“Sing low to your cattle, sing low to your steers—”
The words and the scene opened wide the door of memory and let whole troops of ghosts come drifting in out of the past. The hall, Luck roused himself to notice, was very, very still; so still that the sizzling sound of the machine at the rear was distinct and oppressive.
There was the blizzard, terrible in its biting realism. There was the old cow and calf, separated from the herd, fighting in the primal instinct to preserve themselves alive,—fighting and losing. There was that other, more terrible fight for existence, the fight of the Native Son against the snow and the cold. Men drew their breath sharply when he fell and did not rise again. They shivered when the snow began to drift against his quiet body, to lodge and shift and settle, and grow higher and higher until the bank was even with his shoulders, to drift over him and make of him a white mound—And then, when Andy staggered up through the swirl, leading his horse and shouting; when he stumbled against Miguel and tried to raise him and rouse him, a sound like a groan went through the crowd.
“Close a call as I ever had was in a blizzard like that,” the old man at Luck’s left whispered agitatedly to Luck behind his palm, when the lights snapped on while the operator was changing for the last reel.
There was Andy, haunted and haggard, at home again with his father. There were those dissolve scenes of the “phantom herd” drifting always across the skyline whenever Andy looked out into the night or rose startled from uneasy sleep. Weird, it was,—weird and real and very terrible. And, at last, there was that wonderful camp-fire scene of the Indian girl who prayed to her gods before she went to meet her lover who was dead and could not keep the tryst. There were heart-breaking scenes where the Indian girl wandered in wild places, looking, hoping, despairing—Luck had planned every little detail of those scenes, and yet they thrilled him as though he had come to them unawares.
He did not wait after the last scene faded out slowly.

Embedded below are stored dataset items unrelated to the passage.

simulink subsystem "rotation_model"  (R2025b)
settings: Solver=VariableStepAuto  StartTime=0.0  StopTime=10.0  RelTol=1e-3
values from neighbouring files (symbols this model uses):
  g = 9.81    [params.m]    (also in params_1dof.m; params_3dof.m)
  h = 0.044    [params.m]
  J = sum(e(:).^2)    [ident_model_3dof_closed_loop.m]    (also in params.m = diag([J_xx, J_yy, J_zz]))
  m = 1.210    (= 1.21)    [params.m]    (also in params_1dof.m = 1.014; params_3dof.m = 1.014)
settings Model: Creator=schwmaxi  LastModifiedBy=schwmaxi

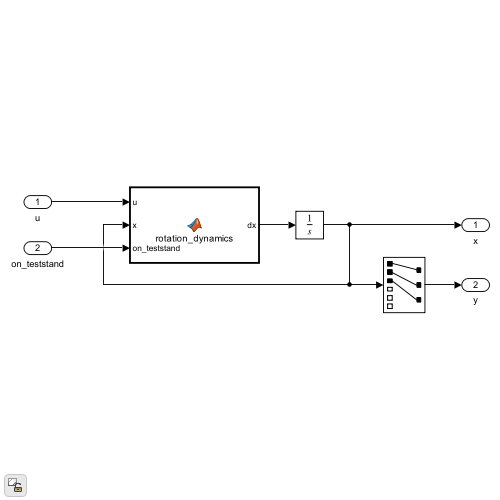
[thumbnail: Simulink's stored preview of the top-level diagram]
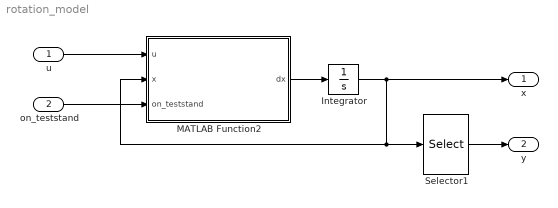
== system rotation_model ==
  u : Inport
  on_teststand : Inport  Port=2
  Integrator : Integrator  InitialCondition=zeros(6, 1)
  MATLAB Function2 : MATLAB Function  TreatAsAtomicUnit=on
  Selector1 : Selector  InputPortWidth=6  IndexOptions=Index vector (dialog)  Indices=[1 2 3]  OutputSizes=1
  x : Outport
  y : Outport  Port=2
  wires:
  u/1 -> MATLAB Function2/1(u)
  on_teststand/1 -> MATLAB Function2/3(on_teststand)
  MATLAB Function2/1(dx) -> Integrator/1
  Selector1/1 -> y/1
  Integrator/1 -> x/1, Selector1/1, MATLAB Function2/2(x)

== matlab function rotation_model/MATLAB Function2 ==
  data: u input; x input; on_teststand input; dx output; J parameter; m parameter; g parameter; h parameter
function dx = rotation_dynamics(u, x, on_teststand, J, m, g, h)
    % J, p, m, g, h  wird als Parameter Data übergeben, vgl. Symbols Pane

    phi = x(1);
    theta = x(2);
    omega = x(4:6);
    
    % transformation matrix
    T = [
        1, sin(phi) * tan(theta), cos(phi)*tan(theta);
        0, cos(phi), -sin(phi);
        0, sin(phi) / cos(theta), cos(phi)/cos(theta);
    ];
    
    tau = u;

    if (on_teststand)
        gravity_moments = [
            m * g * sin(phi) * cos(theta) * h;
            m * g * sin(theta) * h;
            0
        ];
        tau = tau + gravity_moments;
    end

    angles_dot = T * omega;
    omega_dot = J \ (tau - cross(omega, J * omega));

    dx = [angles_dot; omega_dot];
end

He slipped quietly into the aisle and went away, while the hands of the old-timers were stinging with applause. Halfway down the block he heard it still, and his steps quickened unconsciously. They were calling his name, back there in the hall. They were all talking at once and clapping their hands and, as an interlude, shouting the name of Luck Lindsay. But Luck did not heed. He wanted to get away by himself. He did not feel as though he could say anything at all to any one, just then. He had seen his Big Picture, and he had seen that it was as big and as perfect, almost, as he had dreamed it. To Luck, at that moment, words would have cheapened it,—even the words of the old cattlemen.
He went to his hotel and straight up to his room, regardless of the fact that it would have been to his advantage to mingle with his guests and to listen to their praise. He went to bed and lay there in the dark, reliving the scenes of his story. Then, after awhile, he drifted off into sleep, his first dreamless, untroubled slumber in many a night.